You should email pictures and dimensions to them, as I am sure they would love to add your bottle info to their book!!





__





						Contact Us
					





					www.hutchbook.com


----------



## RelicRaker (Nov 14, 2020)

Thx treasurekidd. Done 11/15.


----------



## DeepSeaDan (Nov 15, 2020)

Great find! Please let us know what you find out about this exceptional bottle - congratulations!


----------



## sandchip (Nov 15, 2020)

Nice find.  Never saw the sided part of a mug-base that tall before.  Usually, they're about half that.


----------



## Mjbottle (Nov 15, 2020)

That is an awsome find!.


----------



## hemihampton (Nov 15, 2020)

sandchip said:


> Nice find.  Never saw the sided part of a mug-base that tall before.  Usually, they're about half that.



didn't notice that until you said that but yeah, that is kinda tall on the mug base part. Michigan has lots of Mug Base Hutch's but none that tall. LEON.


----------



## RelicRaker (Nov 16, 2020)

Here's the updated Hutchbook page for this bottle....




__





						Hutchinson Project-Search Results
					





					www.hutchbook.com


----------



## Sodasandbeers (Nov 18, 2020)

I have this bottle listed, but without details on www.sodasandbeers.com and this clears up some of the missing details.  I am fairly certain the HutchBook listing was based on my incomplete listing.  I got my listing from a pamphlet of the Frank Kendorski Collection.  

Drzymalla  was listed as early as 1890 as a bottler and as late as 1914.  I would say this bottle is an 1890s vintage.

Since I have never seen this bottle in over 55 years of cataloguing Philadelphia bottles and this bottle was not in the collection of a collector of West Philadelphia bottles, I can safely say it is very rare and likely one of two known examples.


----------



## EvansBottles (Nov 18, 2020)

I'm in the Philly area. And I've seen these before. They're not rare. Possibly a little scarce.
There are standard tall bold tops with the same name. As far as the height of the panels
goes. They are fairly common in the Philly region.


----------



## RelicRaker (Nov 18, 2020)

Sodasandbeers - Thanks for the info! The 1890s date is consistent with other finds from the site (incl;iuding the 1893 dated "picnic quart" of beer).   

EvansBottles - That's ok. It's a first for me, for sure.


----------



## ROBBYBOBBY64 (Nov 19, 2020)

EvansBottles said:


> I'm in the Philly area.
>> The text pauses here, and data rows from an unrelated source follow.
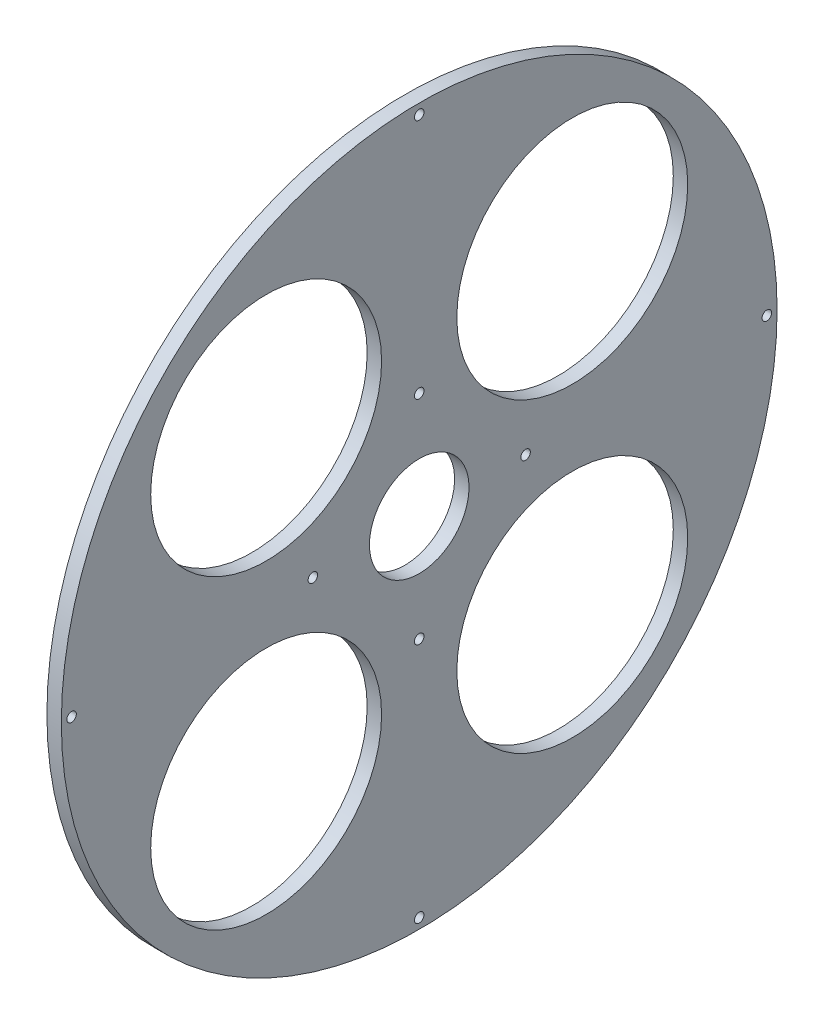
ISO-10303-21;
HEADER;
FILE_DESCRIPTION(('STEP AP214'),'2;1');
FILE_NAME('part.step','',(''),(''),'','','');
FILE_SCHEMA(('AUTOMOTIVE_DESIGN { 1 0 10303 214 1 1 1 1 }'));
ENDSEC;
DATA;
#1=APPLICATION_CONTEXT('core data for automotive mechanical design processes');
#2=APPLICATION_PROTOCOL_DEFINITION('international standard','automotive_design',2000,#1);
#3=PRODUCT_CONTEXT('',#1,'mechanical');
#4=PRODUCT('Part','Part','',(#3));
#5=PRODUCT_RELATED_PRODUCT_CATEGORY('part','',(#4));
#6=PRODUCT_DEFINITION_FORMATION('','',#4);
#7=PRODUCT_DEFINITION_CONTEXT('part definition',#1,'design');
#8=PRODUCT_DEFINITION('design','',#6,#7);
#9=PRODUCT_DEFINITION_SHAPE('','',#8);
#10=(LENGTH_UNIT() NAMED_UNIT(*) SI_UNIT(.MILLI.,.METRE.));
#11=(NAMED_UNIT(*) PLANE_ANGLE_UNIT() SI_UNIT($,.RADIAN.));
#12=(NAMED_UNIT(*) SI_UNIT($,.STERADIAN.) SOLID_ANGLE_UNIT());
#13=UNCERTAINTY_MEASURE_WITH_UNIT(LENGTH_MEASURE(1.E-05),#10,'distance_accuracy_value','');
#14=(GEOMETRIC_REPRESENTATION_CONTEXT(3) GLOBAL_UNCERTAINTY_ASSIGNED_CONTEXT((#13)) GLOBAL_UNIT_ASSIGNED_CONTEXT((#10,
#11,#12)) REPRESENTATION_CONTEXT('',''));
#15=CARTESIAN_POINT('',(0.,0.,0.));
#16=DIRECTION('',(0.,0.,1.));
#17=DIRECTION('',(1.,0.,0.));
#18=AXIS2_PLACEMENT_3D('',#15,#16,#17);
#19=CARTESIAN_POINT('',(-5.00000000000001,248.,0.));
#20=DIRECTION('',(1.,0.,0.));
#21=DIRECTION('',(0.,0.,-1.));
#22=AXIS2_PLACEMENT_3D('',#19,#20,#21);
#23=PLANE('',#22);
#24=CARTESIAN_POINT('',(-5.00000000000001,240.895271507244,0.));
#25=DIRECTION('',(1.,0.,0.));
#26=DIRECTION('',(0.,0.,-1.));
#27=AXIS2_PLACEMENT_3D('',#24,#25,#26);
#28=CIRCLE('',#27,3.3);
#29=CARTESIAN_POINT('',(-5.00000000000001,240.895271507244,-3.3));
#30=VERTEX_POINT('',#29);
#31=EDGE_CURVE('E81',#30,#30,#28,.F.);
#32=ORIENTED_EDGE('',*,*,#31,.F.);
#33=EDGE_LOOP('',(#32));
#34=FACE_BOUND('',#33,.T.);
#35=CARTESIAN_POINT('',(-5.00000000000001,6.81715424761907E-12,-240.895271507251));
#36=DIRECTION('',(1.,0.,0.));
#37=DIRECTION('',(0.,0.,-1.));
#38=AXIS2_PLACEMENT_3D('',#35,#36,#37);
#39=CIRCLE('',#38,3.29999999999999);
#40=CARTESIAN_POINT('',(-5.00000000000001,6.81715424761907E-12,-244.195271507251));
#41=VERTEX_POINT('',#40);
#42=EDGE_CURVE('E71',#41,#41,#39,.F.);
#43=ORIENTED_EDGE('',*,*,#42,.F.);
#44=EDGE_LOOP('',(#43));
#45=FACE_BOUND('',#44,.T.);
#46=CARTESIAN_POINT('',(-5.00000000000001,-240.895271507244,-1.36352882126775E-11));
#47=DIRECTION('',(1.,0.,0.));
#48=DIRECTION('',(0.,0.,-1.));
#49=AXIS2_PLACEMENT_3D('',#46,#47,#48);
#50=CIRCLE('',#49,3.3);
#51=CARTESIAN_POINT('',(-5.00000000000001,-240.895271507244,-3.30000000001363));
#52=VERTEX_POINT('',#51);
#53=EDGE_CURVE('E68',#52,#52,#50,.F.);
#54=ORIENTED_EDGE('',*,*,#53,.F.);
#55=EDGE_LOOP('',(#54));
#56=FACE_BOUND('',#55,.T.);
#57=CARTESIAN_POINT('',(-5.00000000000001,106.06601717798,-106.066017177984));
#58=DIRECTION('',(-1.,0.,0.));
#59=DIRECTION('',(0.,0.,1.));
#60=AXIS2_PLACEMENT_3D('',#57,#58,#59);
#61=CIRCLE('',#60,80.);
#62=CARTESIAN_POINT('',(-5.00000000000001,106.06601717798,-26.0660171779842));
#63=VERTEX_POINT('',#62);
#64=EDGE_CURVE('E89',#63,#63,#61,.T.);
#65=ORIENTED_EDGE('',*,*,#64,.F.);
#66=EDGE_LOOP('',(#65));
#67=FACE_BOUND('',#66,.T.);
#68=CARTESIAN_POINT('',(-5.00000000000001,-106.066017177986,-106.066017177982));
#69=DIRECTION('',(-1.,0.,0.));
#70=DIRECTION('',(0.,0.,1.));
#71=AXIS2_PLACEMENT_3D('',#68,#69,#70);
#72=CIRCLE('',#71,80.);
#73=CARTESIAN_POINT('',(-5.00000000000001,-106.066017177986,-26.0660171779819));
#74=VERTEX_POINT('',#73);
#75=EDGE_CURVE('E93',#74,#74,#72,.T.);
#76=ORIENTED_EDGE('',*,*,#75,.F.);
#77=EDGE_LOOP('',(#76));
#78=FACE_BOUND('',#77,.T.);
#79=CARTESIAN_POINT('',(-5.00000000000001,-106.066017177984,106.066017177984));
#80=DIRECTION('',(-1.,0.,0.));
#81=DIRECTION('',(0.,0.,1.));
#82=AXIS2_PLACEMENT_3D('',#79,#80,#81);
#83=CIRCLE('',#82,80.);
#84=CARTESIAN_POINT('',(-5.00000000000001,-106.066017177984,186.066017177984));
#85=VERTEX_POINT('',#84);
#86=EDGE_CURVE('E99',#85,#85,#83,.T.);
#87=ORIENTED_EDGE('',*,*,#86,.F.);
#88=EDGE_LOOP('',(#87));
#89=FACE_BOUND('',#88,.T.);
#90=CARTESIAN_POINT('',(-5.00000000000001,106.066017177982,106.066017177982));
#91=DIRECTION('',(-1.,0.,0.));
#92=DIRECTION('',(0.,0.,1.));
#93=AXIS2_PLACEMENT_3D('',#90,#91,#92);
#94=CIRCLE('',#93,80.);
#95=CARTESIAN_POINT('',(-5.00000000000001,106.066017177982,186.066017177982));
#96=VERTEX_POINT('',#95);
#97=EDGE_CURVE('E105',#96,#96,#94,.T.);
#98=ORIENTED_EDGE('',*,*,#97,.F.);
#99=EDGE_LOOP('',(#98));
#100=FACE_BOUND('',#99,.T.);
#101=CARTESIAN_POINT('',(-5.00000000000001,73.7,0.));
#102=DIRECTION('',(1.,0.,0.));
#103=DIRECTION('',(0.,0.,-1.));
#104=AXIS2_PLACEMENT_3D('',#101,#102,#103);
#105=CIRCLE('',#104,3.29999999999999);
#106=CARTESIAN_POINT('',(-5.00000000000001,73.7,-3.29999999999999));
#107=VERTEX_POINT('',#106);
#108=EDGE_CURVE('E61',#107,#107,#105,.T.);
#109=ORIENTED_EDGE('',*,*,#108,.T.);
#110=EDGE_LOOP('',(#109));
#111=FACE_BOUND('',#110,.T.);
#112=CARTESIAN_POINT('',(-5.00000000000001,0.,73.7));
#113=DIRECTION('',(1.,0.,0.));
#114=DIRECTION('',(0.,0.,-1.));
#115=AXIS2_PLACEMENT_3D('',#112,#113,#114);
#116=CIRCLE('',#115,3.29999999999999);
#117=CARTESIAN_POINT('',(-5.00000000000001,0.,70.4));
#118=VERTEX_POINT('',#117);
#119=EDGE_CURVE('E57',#118,#118,#116,.T.);
#120=ORIENTED_EDGE('',*,*,#119,.T.);
#121=EDGE_LOOP('',(#120));
#122=FACE_BOUND('',#121,.T.);
#123=CARTESIAN_POINT('',(-5.00000000000001,-73.7000000000001,0.));
#124=DIRECTION('',(1.,0.,0.));
#125=DIRECTION('',(0.,0.,-1.));
#126=AXIS2_PLACEMENT_3D('',#123,#124,#125);
#127=CIRCLE('',#126,3.29999999999999);
#128=CARTESIAN_POINT('',(-5.00000000000001,-73.7000000000001,-3.30000000000003));
#129=VERTEX_POINT('',#128);
#130=EDGE_CURVE('E53',#129,#129,#127,.T.);
#131=ORIENTED_EDGE('',*,*,#130,.T.);
#132=EDGE_LOOP('',(#131));
#133=FACE_BOUND('',#132,.T.);
#134=CARTESIAN_POINT('',(-5.00000000000001,0.,-73.7000000000001));
#135=DIRECTION('',(1.,0.,0.));
#136=DIRECTION('',(0.,0.,-1.));
#137=AXIS2_PLACEMENT_3D('',#134,#135,#136);
#138=CIRCLE('',#137,3.29999999999999);
#139=CARTESIAN_POINT('',(-5.00000000000001,0.,-77.0000000000001));
#140=VERTEX_POINT('',#139);
#141=EDGE_CURVE('E48',#140,#140,#138,.T.);
#142=ORIENTED_EDGE('',*,*,#141,.T.);
#143=EDGE_LOOP('',(#142));
#144=FACE_BOUND('',#143,.T.);
#145=CARTESIAN_POINT('',(-5.00000000000002,0.,0.));
#146=DIRECTION('',(-1.,0.,0.));
#147=DIRECTION('',(0.,0.,1.));
#148=AXIS2_PLACEMENT_3D('',#145,#146,#147);
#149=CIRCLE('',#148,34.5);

And I've seen these before. They're not rare. Possibly a little scarce.
> There are standard tall bold tops with the same name. As far as the height of the panels
> goes. They are fairly common in the Philly region.


You should alert hutchbook as to this typo. This is how rumors start. I have told them about errors and they appreciate the information. They say rare and you say common. Big difference. 
ROBBYBOBBY64


----------



## bottlecrazy (Nov 19, 2020)

Scarce or not, it's a great find.  I've only found 1 mug base hutch, here in CT.  Congrats!


----------



## PlaneDiggerCam (Nov 19, 2020)

bottlecrazy said:


> Scarce or not, it's a great find.  I've only found 1 mug base hutch, here in CT.  Congrats!


Just curious what one was it?


----------



## bottlecrazy (Nov 19, 2020)

McCarthy & Moore, Waterbury - CT 0274 in hutchbook:


----------



## Warf rat (Nov 27, 2020)

That is a way cool find!


----------



## nhpharm (Nov 27, 2020)

Interesting discussion on the rarity ratings on hutchbook...Ron has to rely on what he is told by the collector that reports it and many of the rarity ratings are suspect.  In some cases, the rarity ratings change with time as well...I know I have single-handedly changed the rarity rating of a few local hutch sodas by digging a single trash pit or privy with a quantity of the same (previously rare) bottle in it.


----------



## ROBBYBOBBY64 (Nov 27, 2020)

nhpharm said:


> Interesting discussion on the rarity ratings on hutchbook...Ron has to rely on what he is told by the collector that reports it and many of the rarity ratings are suspect.  In some cases, the rarity ratings change with time as well...I know I have single-handedly changed the rarity rating of a few local hutch sodas by digging a single trash pit or privy with a quantity of the same (previously rare) bottle in it.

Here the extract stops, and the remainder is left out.